6-something PM - Crossed the Pasig River and now at Boni. At this point, there were a few buses which had relatively decent (and I'm very generous with this description) standing room, so if that's your thing, congrats! As for me, I've already come this far from Buendia, might as well see it to the end.

The route via Google Maps. Added just to break the wall of text. You're welcome. :)
7:00 PM - I'm now at Shaw. And I found a non-aircon bus which had four seats available. Success! I'm not one to complain about non-aircon buses. I'm used to them, but of course, YMMV (your mileage may vary). As an addendum, I actually rode another non-aircon bus going to Makati this morning, because commuting in the morning from Alabang is apparently also hell nowadays. Scarcity of buses + huge volume of people makes for long queues, which, sometimes, aren't even followed. Huzzah.
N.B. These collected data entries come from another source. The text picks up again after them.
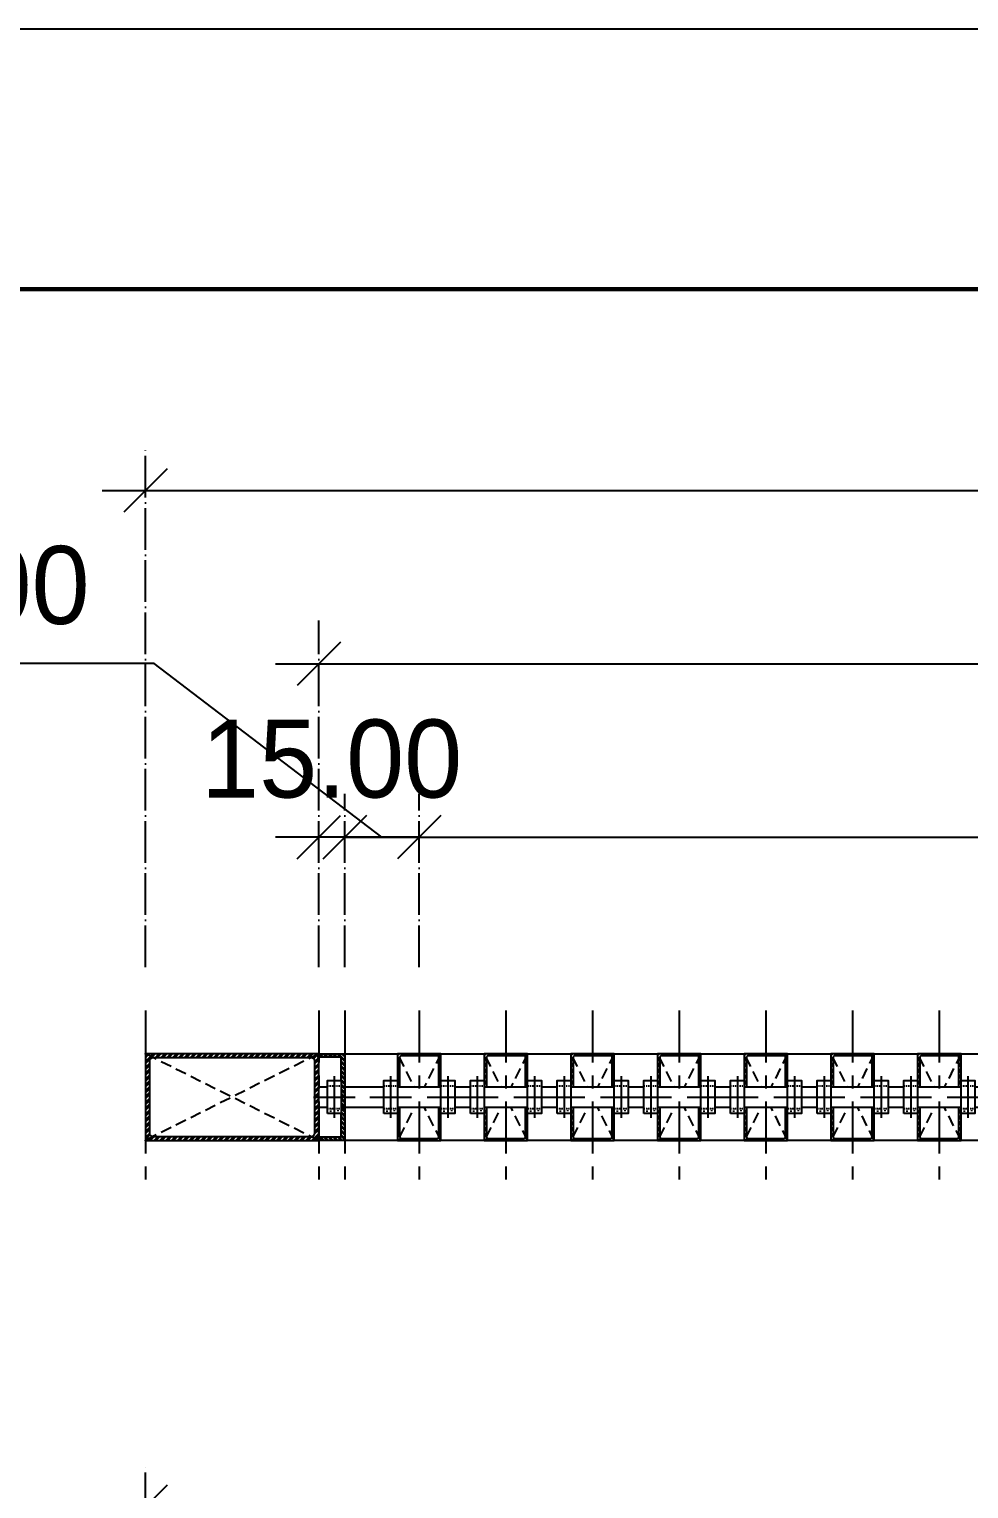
# Model space of a CAD drawing. Header units: millimetres. Extents: x -244126 to 368105, y -173968 to 259060.
# Drawn here: x 23548 to 24090, y 31374 to 32216 of the extents above; entities that cross this region are included whole.
import ezdxf
from ezdxf.enums import TextEntityAlignment as Align

# ---------------------------------------------------------------- set-up
doc = ezdxf.new("R2010")
doc.units = ezdxf.units.MM
doc.header["$MEASUREMENT"] = 0
for name, pattern in [('ACAD_ISO04W100', [30, 24, -3, 0, -3]), ('CENTER', [2, 1.25, -0.25, 0.25, -0.25]), ('HIDDEN', [9.525, 6.35, -3.175]), ('TA_GL_030.00000', [82.5, 30, -7.5, 7.5, -7.5, 30]), ('TA_HL_003.00000', [19.5, 10.65, -8.85]), ('TA_L1', [6.5, 3.55, -2.95])]:
    doc.linetypes.add(name, pattern=pattern)
for name, color, linetype in [('000 - GRID', 8, 'CENTER'), ('000 - H A T C H', 8, 'Continuous'), ('000 - H I D D E N', 7, 'Continuous'), ('000 - T E X T', 4, 'Continuous'), ('000 - TITLEBLOCK', 4, 'Continuous'), ('000 - WIPEOUT', 250, 'Continuous'), ('001 - ASCESSORIES', 1, 'Continuous'), ('002 - STRUCTURAL STEEL', 4, 'Continuous'), ('A04_TUBE SERIES', 7, 'Continuous')]:
    doc.layers.add(name, color=color, linetype=linetype)
doc.styles.add('Cetury Gothic', font='GOTHIC.TTF')
doc.styles.add('CORDIA', font='cordia.shx')
doc.styles.add('TA', font='Cordia New.ttf', dxfattribs={"height": 4.5})
doc.dimstyles.new('DIM E-E', dxfattribs={"dimscale": 2, "dimtxt": 0.18, "dimasz": 0.1, "dimexe": 0.1, "dimexo": 0.1, "dimgap": 0.09, "dimtad": 1, "dimtoh": 1, "dimzin": 0, "dimdsep": 46, "dimtxsty": 'CORDIA', "dimblk": 'OBLIQUE', "dimcen": 0.1, "dimdle": 0.1, "dimclrd": 40, "dimclre": 140, "dimclrt": 3, "dimadec": 0, "dimazin": 0, "dimtfac": 1, "dimtix": 1, "dimtmove": 2, "dimatfit": 3, "dimfxl": 1, "dimtolj": 1, "dimtzin": 0, "dimarcsym": 0})

# ---------------------------------------------------------------- blocks, each defined once
blk = doc.blocks.new('*U3368')
at = {"color": 250}
blk.add_wipeout([(100, 0), (100, 50), (0, 50), (0, 0)], dxfattribs=at).dxf.layer = '000 - WIPEOUT'
at = {"layer": '000 - H A T C H'}
h = blk.add_hatch(dxfattribs=at)
h.set_pattern_fill('ANSI32', color=256, scale=0.25)
h.set_pattern_definition([(45, (87.5, 37.5), (-1.6838, 1.6838), []), (45, (88.6225, 37.5), (-1.6838, 1.6838), [])])
edge = h.paths.add_edge_path()
edge.add_line((100, 3), (100, 47))
edge.add_arc((97, 47), 3, 0, 90)
edge.add_line((97, 50), (3, 50))
edge.add_arc((3, 47), 3, 90, 180)
edge.add_line((0, 47), (0, 3))
edge.add_arc((3, 3), 3, 180, 270)
edge.add_line((3, 0), (97, 0))
edge.add_arc((97, 3), 3, 270, 360)
edge = h.paths.add_edge_path(flags=16)
edge.add_line((97.7, 4.3), (97.7, 45.7))
edge.add_arc((95.7, 45.7), 2, 0, 90)
edge.add_line((95.7, 47.7), (4.3, 47.7))
edge.add_arc((4.3, 45.7), 2, 90, 180)
edge.add_line((2.3, 45.7), (2.3, 4.3))
edge.add_arc((4.3, 4.3), 2, 180, 270)
edge.add_line((4.3, 2.3), (95.7, 2.3))
edge.add_arc((95.7, 4.3), 2, 270, 360)
at = {"layer": '000 - H I D D E N', "color": 8, "linetype": 'HIDDEN'}
for p, q in [((100, 0), (0, 50)), ((100, 50), (0, 0))]:
    blk.add_line(p, q, dxfattribs=at)
at = {"layer": '002 - STRUCTURAL STEEL', "color": 0}
for points in [[(100, 3), (100, 47, 0.414214), (97, 50), (3, 50, 0.414214), (0, 47), (0, 3, 0.414214), (3, 0), (97, 0, 0.414214)], [(97.7, 4.3), (97.7, 45.7, 0.414214), (95.7, 47.7), (4.3, 47.7, 0.414214), (2.3, 45.7), (2.3, 4.3, 0.414214), (4.3, 2.3), (95.7, 2.3, 0.414214)]]:
    blk.add_lwpolyline(points, format="xyb", close=True, dxfattribs=at)
at = {"layer": 'Defpoints', "color": 250}
blk.add_lwpolyline([(100, 0), (100, 50), (0, 50), (0, 0)], close=True, dxfattribs=at)
blk = doc.blocks.new('*U3387')
at = {"layer": '002 - STRUCTURAL STEEL', "color": 4}
blk.add_blockref('*U3368', (-50, -25), dxfattribs=at)
at = {"color": 0}
blk.add_wipeout([(50, 25), (1366, 25), (1366, -25), (50, -25)], dxfattribs=at).dxf.layer = '002 - STRUCTURAL STEEL'
at = {"layer": '002 - STRUCTURAL STEEL', "color": 0, "linetype": 'ByBlock'}
blk.add_lwpolyline([(50, 25), (1366, 25), (1366, -25), (50, -25)], close=True, dxfattribs=at)
blk = doc.blocks.new('*U3383')
at = {"color": 250}
for points in [[(-587.5, 0), (-587.5, 50), (-612.5, 50), (-612.5, 0)], [(-537.5, 0), (-537.5, 50), (-562.5, 50), (-562.5, 0)], [(-487.5, 0), (-487.5, 50), (-512.5, 50), (-512.5, 0)], [(-437.5, 0), (-437.5, 50), (-462.5, 50), (-462.5, 0)], [(-387.5, 0), (-387.5, 50), (-412.5, 50), (-412.5, 0)], [(-337.5, 0), (-337.5, 50), (-362.5, 50), (-362.5, 0)], [(-287.5, 0), (-287.5, 50), (-312.5, 50), (-312.5, 0)]]:
    blk.add_wipeout(points, dxfattribs=at).dxf.layer = '000 - WIPEOUT'
at = {"layer": '000 - H I D D E N', "color": 8, "linetype": 'HIDDEN'}
for p, q in [((-587.5, 0), (-612.5, 50)), ((-587.5, 50), (-612.5, 0)), ((-537.5, 0), (-562.5, 50)), ((-537.5, 50), (-562.5, 0)), ((-487.5, 0), (-512.5, 50)), ((-487.5, 50), (-512.5, 0)), ((-437.5, 0), (-462.5, 50)), ((-437.5, 50), (-462.5, 0)), ((-387.5, 0), (-412.5, 50)), ((-387.5, 50), (-412.5, 0)), ((-337.5, 0), (-362.5, 50)), ((-337.5, 50), (-362.5, 0)), ((-287.5, 0), (-312.5, 50)), ((-287.5, 50), (-312.5, 0))]:
    blk.add_line(p, q, dxfattribs=at)
at = {"layer": '002 - STRUCTURAL STEEL', "color": 0}
for points in [[(-587.5, 0), (-587.5, 50), (-612.5, 50), (-612.5, 0)], [(-537.5, 0), (-537.5, 50), (-562.5, 50), (-562.5, 0)], [(-487.5, 0), (-487.5, 50), (-512.5, 50), (-512.5, 0)], [(-437.5, 0), (-437.5, 50), (-462.5, 50), (-462.5, 0)], [(-387.5, 0), (-387.5, 50), (-412.5, 50), (-412.5, 0)], [(-337.5, 0), (-337.5, 50), (-362.5, 50), (-362.5, 0)], [(-287.5, 0), (-287.5, 50), (-312.5, 50), (-312.5, 0)]]:
    blk.add_lwpolyline(points, close=True, dxfattribs=at)
for points in [[(-588.7, 2.2), (-588.7, 47.8, 0.414214), (-589.7, 48.8), (-610.3, 48.8, 0.414214), (-611.3, 47.8), (-611.3, 2.2, 0.414214), (-610.3, 1.2), (-589.7, 1.2, 0.414214)], [(-538.7, 2.2), (-538.7, 47.8, 0.414214), (-539.7, 48.8), (-560.3, 48.8, 0.414214), (-561.3, 47.8), (-561.3, 2.2, 0.414214), (-560.3, 1.2), (-539.7, 1.2, 0.414214)], [(-488.7, 2.2), (-488.7, 47.8, 0.414214), (-489.7, 48.8), (-510.3, 48.8, 0.414214), (-511.3, 47.8), (-511.3, 2.2, 0.414214), (-510.3, 1.2), (-489.7, 1.2, 0.414214)], [(-438.7, 2.2), (-438.7, 47.8, 0.414214), (-439.7, 48.8), (-460.3, 48.8, 0.414214), (-461.3, 47.8), (-461.3, 2.2, 0.414214), (-460.3, 1.2), (-439.7, 1.2, 0.414214)], [(-388.7, 2.2), (-388.7, 47.8, 0.414214), (-389.7, 48.8), (-410.3, 48.8, 0.414214), (-411.3, 47.8), (-411.3, 2.2, 0.414214), (-410.3, 1.2), (-389.7, 1.2, 0.414214)], [(-338.7, 2.2), (-338.7, 47.8, 0.414214), (-339.7, 48.8), (-360.3, 48.8, 0.414214), (-361.3, 47.8), (-361.3, 2.2, 0.414214), (-360.3, 1.2), (-339.7, 1.2, 0.414214)], [(-288.7, 2.2), (-288.7, 47.8, 0.414214), (-289.7, 48.8), (-310.3, 48.8, 0.414214), (-311.3, 47.8), (-311.3, 2.2, 0.414214), (-310.3, 1.2), (-289.7, 1.2, 0.414214)]]:
    blk.add_lwpolyline(points, format="xyb", close=True, dxfattribs=at)
at = {"layer": 'Defpoints', "color": 250}
for points in [[(-587.5, 0), (-587.5, 50), (-612.5, 50), (-612.5, 0)], [(-537.5, 0), (-537.5, 50), (-562.5, 50), (-562.5, 0)], [(-487.5, 0), (-487.5, 50), (-512.5, 50), (-512.5, 0)], [(-437.5, 0), (-437.5, 50), (-462.5, 50), (-462.5, 0)], [(-387.5, 0), (-387.5, 50), (-412.5, 50), (-412.5, 0)], [(-337.5, 0), (-337.5, 50), (-362.5, 50), (-362.5, 0)], [(-287.5, 0), (-287.5, 50), (-312.5, 50), (-312.5, 0)]]:
    blk.add_lwpolyline(points, close=True, dxfattribs=at)
at = {"color": 250}
for points in [[(-587.5, 0), (-587.5, 50), (-612.5, 50), (-612.5, 0)], [(-537.5, 0), (-537.5, 50), (-562.5, 50), (-562.5, 0)], [(-487.5, 0), (-487.5, 50), (-512.5, 50), (-512.5, 0)], [(-437.5, 0), (-437.5, 50), (-462.5, 50), (-462.5, 0)], [(-387.5, 0), (-387.5, 50), (-412.5, 50), (-412.5, 0)], [(-337.5, 0), (-337.5, 50), (-362.5, 50), (-362.5, 0)], [(-287.5, 0), (-287.5, 50), (-312.5, 50), (-312.5, 0)]]:
    blk.add_wipeout(points, dxfattribs=at).dxf.layer = '000 - WIPEOUT'
at = {"layer": '000 - H A T C H'}
h = blk.add_hatch(dxfattribs=at)
h.set_pattern_fill('ANSI32', color=256, scale=0.25)
h.set_pattern_definition([(45, (-600, 37.5), (-1.6838, 1.6838), []), (45, (-598.8775, 37.5), (-1.6838, 1.6838), [])])
h.paths.add_polyline_path([(-587.5, 0), (-587.5, 50), (-612.5, 50), (-612.5, 0)])
edge = h.paths.add_edge_path(flags=16)
edge.add_line((-588.7, 2.2), (-588.7, 47.8))
edge.add_arc((-589.7, 47.8), 1, 0, 90)
edge.add_line((-589.7, 48.8), (-610.3, 48.8))
edge.add_arc((-610.3, 47.8), 1, 90, 180)
edge.add_line((-611.3, 47.8), (-611.3, 2.2))
edge.add_arc((-610.3, 2.2), 1, 180, 270)
edge.add_line((-610.3, 1.2), (-589.7, 1.2))
edge.add_arc((-589.7, 2.2), 1, 270, 360)
h = blk.add_hatch(dxfattribs=at)
h.set_pattern_fill('ANSI32', color=256, scale=0.25)
h.set_pattern_definition([(45, (-550, 37.5), (-1.6838, 1.6838), []), (45, (-548.8775, 37.5), (-1.6838, 1.6838), [])])
h.paths.add_polyline_path([(-537.5, 0), (-537.5, 50), (-562.5, 50), (-562.5, 0)])
edge = h.paths.add_edge_path(flags=16)
edge.add_line((-538.7, 2.2), (-538.7, 47.8))
edge.add_arc((-539.7, 47.8), 1, 0, 90)
edge.add_line((-539.7, 48.8), (-560.3, 48.8))
edge.add_arc((-560.3, 47.8), 1, 90, 180)
edge.add_line((-561.3, 47.8), (-561.3, 2.2))
edge.add_arc((-560.3, 2.2), 1, 180, 270)
edge.add_line((-560.3, 1.2), (-539.7, 1.2))
edge.add_arc((-539.7, 2.2), 1, 270, 360)
h = blk.add_hatch(dxfattribs=at)
h.set_pattern_fill('ANSI32', color=256, scale=0.25)
h.set_pattern_definition([(45, (-500, 37.5), (-1.6838, 1.6838), []), (45, (-498.8775, 37.5), (-1.6838, 1.6838), [])])
h.paths.add_polyline_path([(-487.5, 0), (-487.5, 50), (-512.5, 50), (-512.5, 0)])
edge = h.paths.add_edge_path(flags=16)
edge.add_line((-488.7, 2.2), (-488.7, 47.8))
edge.add_arc((-489.7, 47.8), 1, 0, 90)
edge.add_line((-489.7, 48.8), (-510.3, 48.8))
edge.add_arc((-510.3, 47.8), 1, 90, 180)
edge.add_line((-511.3, 47.8), (-511.3, 2.2))
edge.add_arc((-510.3, 2.2), 1, 180, 270)
edge.add_line((-510.3, 1.2), (-489.7, 1.2))
edge.add_arc((-489.7, 2.2), 1, 270, 360)
h = blk.add_hatch(dxfattribs=at)
h.set_pattern_fill('ANSI32', color=256, scale=0.25)
h.set_pattern_definition([(45, (-450, 37.5), (-1.6838, 1.6838), []), (45, (-448.8775, 37.5), (-1.6838, 1.6838), [])])
h.paths.add_polyline_path([(-437.5, 0), (-437.5, 50), (-462.5, 50), (-462.5, 0)])
edge = h.paths.add_edge_path(flags=16)
edge.add_line((-438.7, 2.2), (-438.7, 47.8))
edge.add_arc((-439.7, 47.8), 1, 0, 90)
edge.add_line((-439.7, 48.8), (-460.3, 48.8))
edge.add_arc((-460.3, 47.8), 1, 90, 180)
edge.add_line((-461.3, 47.8), (-461.3, 2.2))
edge.add_arc((-460.3, 2.2), 1, 180, 270)
edge.add_line((-460.3, 1.2), (-439.7, 1.2))
edge.add_arc((-439.7, 2.2), 1, 270, 360)
h = blk.add_hatch(dxfattribs=at)
h.set_pattern_fill('ANSI32', color=256, scale=0.25)
h.set_pattern_definition([(45, (-400, 37.5), (-1.6838, 1.6838), []), (45, (-398.8775, 37.5), (-1.6838, 1.6838), [])])
h.paths.add_polyline_path([(-387.5, 0), (-387.5, 50), (-412.5, 50), (-412.5, 0)])
edge = h.paths.add_edge_path(flags=16)
edge.add_line((-388.7, 2.2), (-388.7, 47.8))
edge.add_arc((-389.7, 47.8), 1, 0, 90)
edge.add_line((-389.7, 48.8), (-410.3, 48.8))
edge.add_arc((-410.3, 47.8), 1, 90, 180)
edge.add_line((-411.3, 47.8), (-411.3, 2.2))
edge.add_arc((-410.3, 2.2), 1, 180, 270)
edge.add_line((-410.3, 1.2), (-389.7, 1.2))
edge.add_arc((-389.7, 2.2), 1, 270, 360)
h = blk.add_hatch(dxfattribs=at)
h.set_pattern_fill('ANSI32', color=256, scale=0.25)
h.set_pattern_definition([(45, (-350, 37.5), (-1.6838, 1.6838), []), (45, (-348.8775, 37.5), (-1.6838, 1.6838), [])])
h.paths.add_polyline_path([(-337.5, 0), (-337.5, 50), (-362.5, 50), (-362.5, 0)])
edge = h.paths.add_edge_path(flags=16)
edge.add_line((-338.7, 2.2), (-338.7, 47.8))
edge.add_arc((-339.7, 47.8), 1, 0, 90)
edge.add_line((-339.7, 48.8), (-360.3, 48.8))
edge.add_arc((-360.3, 47.8), 1, 90, 180)
edge.add_line((-361.3, 47.8), (-361.3, 2.2))
edge.add_arc((-360.3, 2.2), 1, 180, 270)
edge.add_line((-360.3, 1.2), (-339.7, 1.2))
edge.add_arc((-339.7, 2.2), 1, 270, 360)
h = blk.add_hatch(dxfattribs=at)
h.set_pattern_fill('ANSI32', color=256, scale=0.25)
h.set_pattern_definition([(45, (-300, 37.5), (-1.6838, 1.6838), []), (45, (-298.8775, 37.5), (-1.6838, 1.6838), [])])
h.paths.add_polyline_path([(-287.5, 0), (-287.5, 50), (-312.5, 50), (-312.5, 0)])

Because traffic was bad, I figured I'd doze off and hopefully wake up when the bus was already on SLEX.

8:00 PM - Woke up to happily find that the bus was still at Estrella. Woohoo!

8:10 PM - So the traffic picked up a bit, and now I'm at Buendia. If you're keeping score at home, my walk from Buendia to Shaw was 30 minutes shorter than the bus ride going the other way for the same distance. Yeah, traffic was that bad.

8:17 PM - Thankfully, the bus opted to use the underpass on EDSA-Ayala, and picked up speed. Apparently, the traffic was along Ayala Avenue, because I noticed there's a long queue for cars going right from EDSA. Again, most of the volume was private cars, but just nod and agree when they tell you the buses are to blame for that traffic as well.  They won't listen otherwise. Exacerbating traffic issues are bad road habits and sheer selfishness on the road, and blame goes both ways, on public and private drivers alike. This is worsened by the MMDA's mostly lax enforcement of traffic rules. You can actually be a d-bag on the road here and get away with it. Just look at motorcycle drivers - they're above the law.

8:30 PM - Reached Alabang market. Thankfully, no traffic on SLEX.

So that's my hell commute today. It wasn't this bad 3 years ago. A 2-and-a-half hour commute used to happen only on Fridays preceding a payday weekend. Why it happened on a Tuesday evening, I have no idea, but it could be one of those weird traffic situations that tend to pop up every so often in a woefully mismanaged Metro Manila. I need a bigger sample size to definitively determine if this is becoming a trend, but shit if it is. Spending 2.5 hours on what is effectively a 19-km route is a huge waste of time that can be used to rest up or do something to have a better work-life balance.

It's the sort of thing that pushes people to just drive their own cars and motorcycles, too. And worsen the traffic situation. The white elephant in the room when discussing things like minimizing buses on the road and clearing up more road space for the 20% private car 'commuters' is that if we're already having problems with traffic now, imagine if half of the 80% that commutes decided to just drive their own cars, too.

It will be a clusterfuck of epic proportions.